▶ _Problem description_: Nothing below is to be printed except the lines between the line holding "Notices in the" and the line holding "# Repository jacky4566/TinyParticleSupervisor", inclusive, each exactly as it appears.

(Source data)
Segment Open

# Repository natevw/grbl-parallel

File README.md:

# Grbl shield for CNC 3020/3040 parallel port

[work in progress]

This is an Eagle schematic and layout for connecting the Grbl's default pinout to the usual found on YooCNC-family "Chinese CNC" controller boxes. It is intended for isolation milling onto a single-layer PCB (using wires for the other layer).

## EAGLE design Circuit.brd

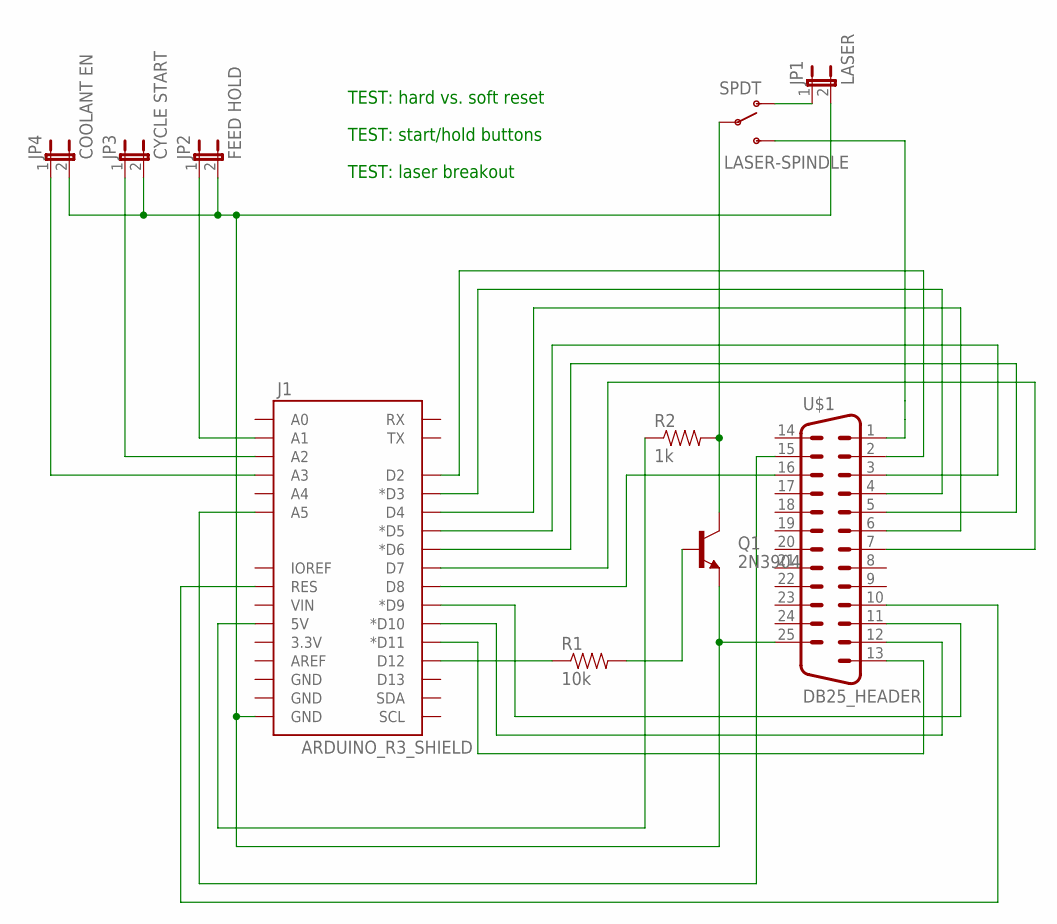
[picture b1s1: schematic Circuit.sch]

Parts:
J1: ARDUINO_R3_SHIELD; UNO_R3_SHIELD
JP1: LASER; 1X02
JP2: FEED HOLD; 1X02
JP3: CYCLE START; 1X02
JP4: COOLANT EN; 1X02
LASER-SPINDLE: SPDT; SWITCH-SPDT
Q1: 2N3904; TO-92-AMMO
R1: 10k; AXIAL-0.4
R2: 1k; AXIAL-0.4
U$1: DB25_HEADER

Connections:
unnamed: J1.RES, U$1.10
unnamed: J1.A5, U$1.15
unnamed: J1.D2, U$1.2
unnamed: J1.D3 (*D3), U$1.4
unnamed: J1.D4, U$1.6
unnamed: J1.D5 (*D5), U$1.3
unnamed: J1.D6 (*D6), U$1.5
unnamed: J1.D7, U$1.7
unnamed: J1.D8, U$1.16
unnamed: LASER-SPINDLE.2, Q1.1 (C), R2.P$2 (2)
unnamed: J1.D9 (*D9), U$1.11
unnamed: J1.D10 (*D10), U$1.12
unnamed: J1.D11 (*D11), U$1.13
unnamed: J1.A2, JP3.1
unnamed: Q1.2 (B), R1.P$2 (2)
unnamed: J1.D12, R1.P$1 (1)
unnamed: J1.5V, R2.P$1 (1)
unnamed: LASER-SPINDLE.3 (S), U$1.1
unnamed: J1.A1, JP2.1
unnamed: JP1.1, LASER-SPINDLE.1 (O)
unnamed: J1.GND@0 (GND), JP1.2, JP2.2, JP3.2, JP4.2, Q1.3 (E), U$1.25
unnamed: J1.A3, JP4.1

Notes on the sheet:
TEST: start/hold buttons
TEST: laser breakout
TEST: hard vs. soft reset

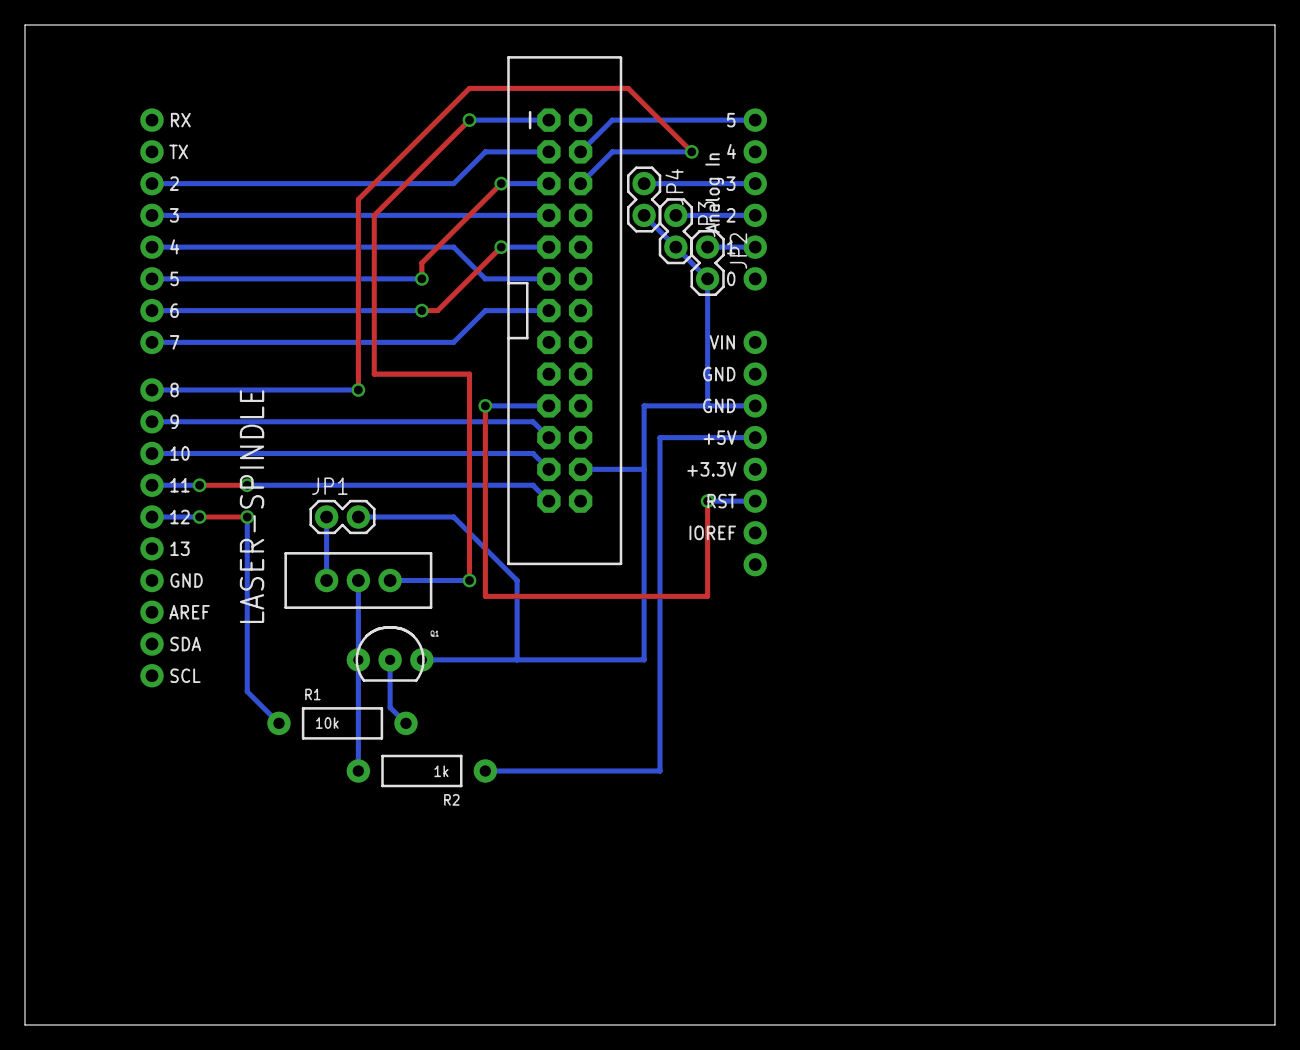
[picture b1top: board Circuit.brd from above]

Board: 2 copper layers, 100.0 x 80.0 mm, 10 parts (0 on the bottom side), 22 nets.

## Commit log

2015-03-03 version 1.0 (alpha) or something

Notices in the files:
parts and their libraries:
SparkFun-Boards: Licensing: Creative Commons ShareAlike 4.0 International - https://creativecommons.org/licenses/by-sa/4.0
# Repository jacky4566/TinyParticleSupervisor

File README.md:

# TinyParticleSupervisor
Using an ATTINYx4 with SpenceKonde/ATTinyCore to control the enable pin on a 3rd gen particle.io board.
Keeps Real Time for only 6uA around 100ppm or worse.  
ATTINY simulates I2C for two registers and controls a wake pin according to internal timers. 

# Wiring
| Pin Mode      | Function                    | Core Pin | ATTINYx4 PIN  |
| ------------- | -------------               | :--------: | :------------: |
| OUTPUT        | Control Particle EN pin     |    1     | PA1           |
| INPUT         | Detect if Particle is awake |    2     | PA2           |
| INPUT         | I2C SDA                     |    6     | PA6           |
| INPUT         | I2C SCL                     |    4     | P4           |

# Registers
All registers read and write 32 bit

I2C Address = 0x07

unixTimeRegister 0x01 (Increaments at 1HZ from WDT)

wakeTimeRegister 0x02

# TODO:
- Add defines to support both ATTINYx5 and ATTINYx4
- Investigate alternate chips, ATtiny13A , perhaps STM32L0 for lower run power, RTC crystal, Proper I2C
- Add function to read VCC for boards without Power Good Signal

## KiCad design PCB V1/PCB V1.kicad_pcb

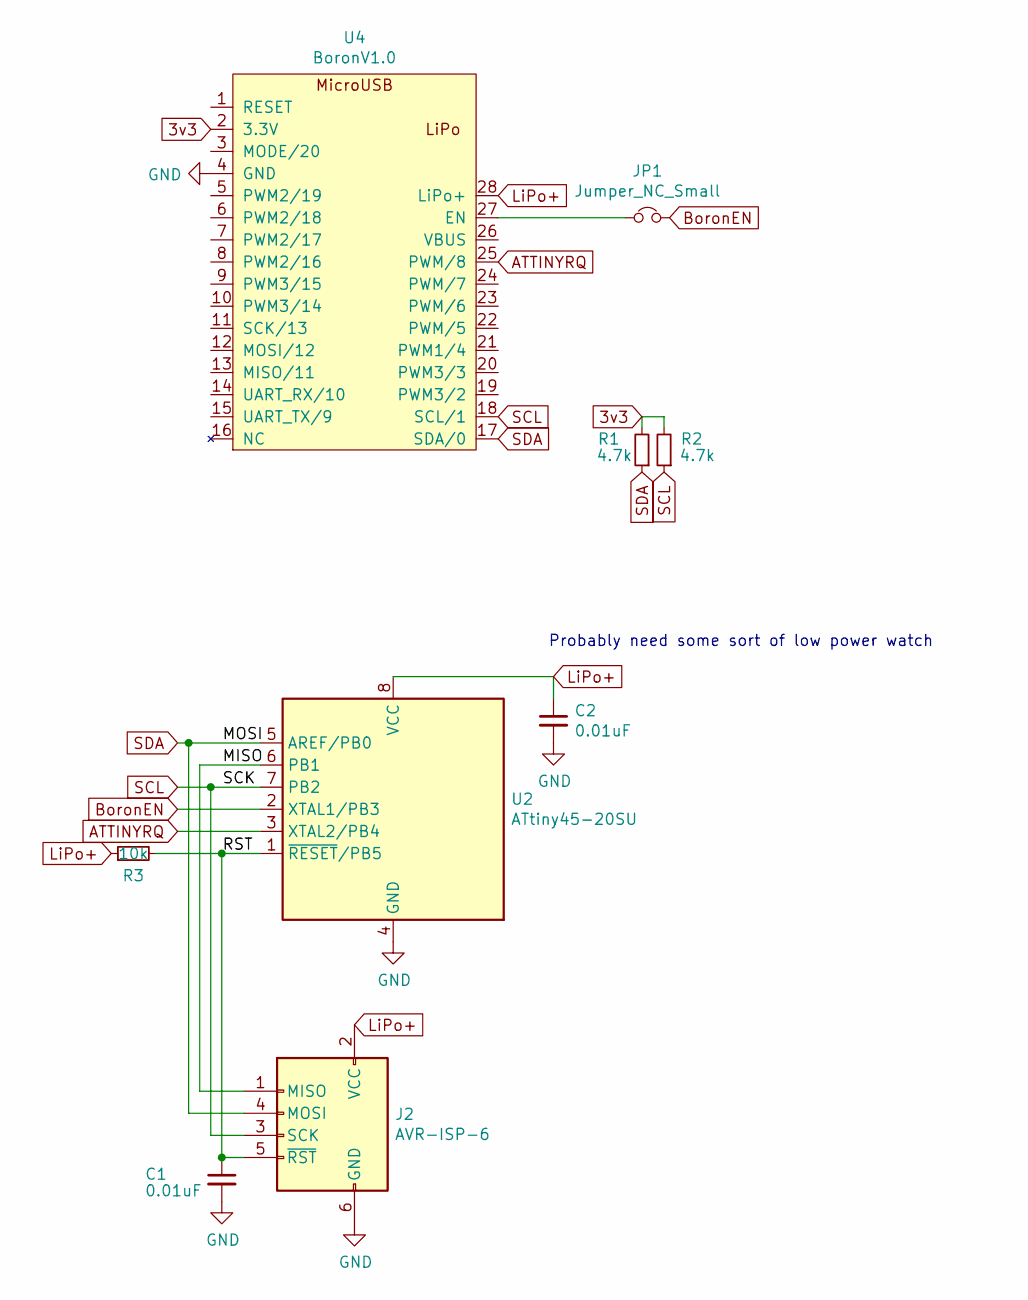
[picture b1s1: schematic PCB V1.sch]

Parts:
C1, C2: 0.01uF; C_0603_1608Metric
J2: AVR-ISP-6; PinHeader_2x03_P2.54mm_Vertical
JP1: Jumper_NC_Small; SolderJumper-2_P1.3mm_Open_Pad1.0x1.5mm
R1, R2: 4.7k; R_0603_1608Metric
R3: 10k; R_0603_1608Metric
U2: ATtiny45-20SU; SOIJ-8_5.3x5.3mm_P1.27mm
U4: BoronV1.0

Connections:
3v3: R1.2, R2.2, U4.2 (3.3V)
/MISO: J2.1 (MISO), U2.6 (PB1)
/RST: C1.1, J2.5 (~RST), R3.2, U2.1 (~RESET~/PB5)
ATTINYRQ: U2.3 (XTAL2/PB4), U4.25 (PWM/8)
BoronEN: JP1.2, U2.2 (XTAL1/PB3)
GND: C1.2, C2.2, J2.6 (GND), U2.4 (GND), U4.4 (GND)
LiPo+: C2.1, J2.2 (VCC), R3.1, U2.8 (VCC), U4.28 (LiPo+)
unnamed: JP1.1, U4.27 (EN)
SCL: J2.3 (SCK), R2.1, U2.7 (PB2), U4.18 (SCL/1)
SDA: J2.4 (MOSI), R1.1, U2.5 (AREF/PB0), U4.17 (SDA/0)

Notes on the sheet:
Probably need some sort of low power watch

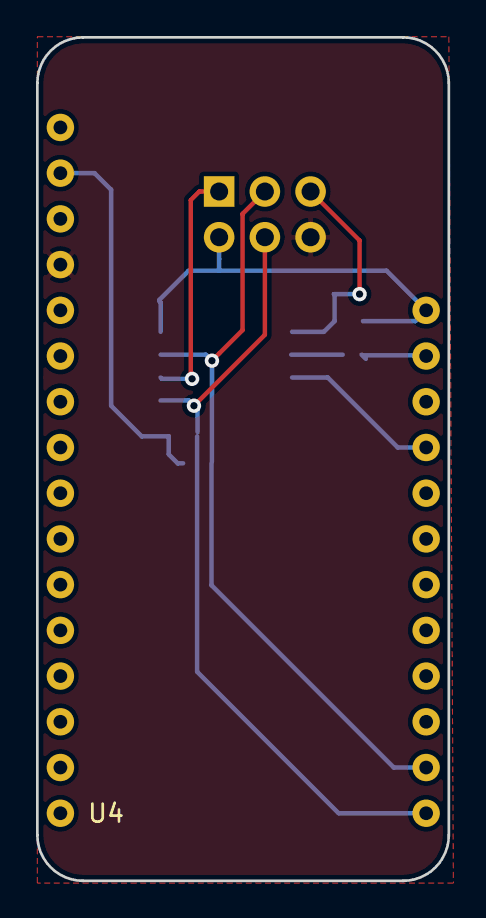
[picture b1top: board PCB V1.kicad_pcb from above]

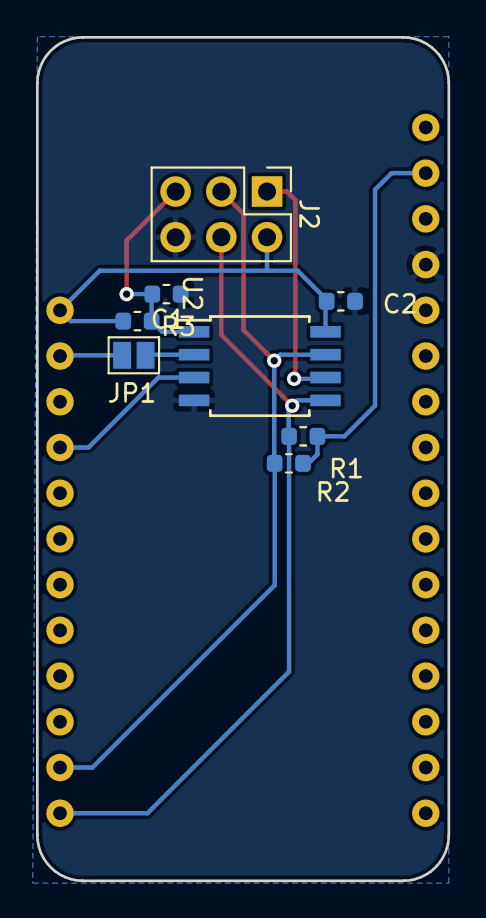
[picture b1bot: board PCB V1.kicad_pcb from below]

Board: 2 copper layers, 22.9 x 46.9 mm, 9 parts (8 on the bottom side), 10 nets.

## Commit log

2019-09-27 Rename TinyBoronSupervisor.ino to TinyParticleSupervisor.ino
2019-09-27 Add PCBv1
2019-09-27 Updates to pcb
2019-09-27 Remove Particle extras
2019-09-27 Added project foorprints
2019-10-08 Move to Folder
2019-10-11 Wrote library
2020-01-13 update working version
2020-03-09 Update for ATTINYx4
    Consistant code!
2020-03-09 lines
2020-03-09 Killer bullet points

Segment Closed

▶ _Task response_:
Notices in the files:
parts and their libraries:
SparkFun-Boards: Licensing: Creative Commons ShareAlike 4.0 International - https://creativecommons.org/licenses/by-sa/4.0
# Repository jacky4566/TinyParticleSupervisor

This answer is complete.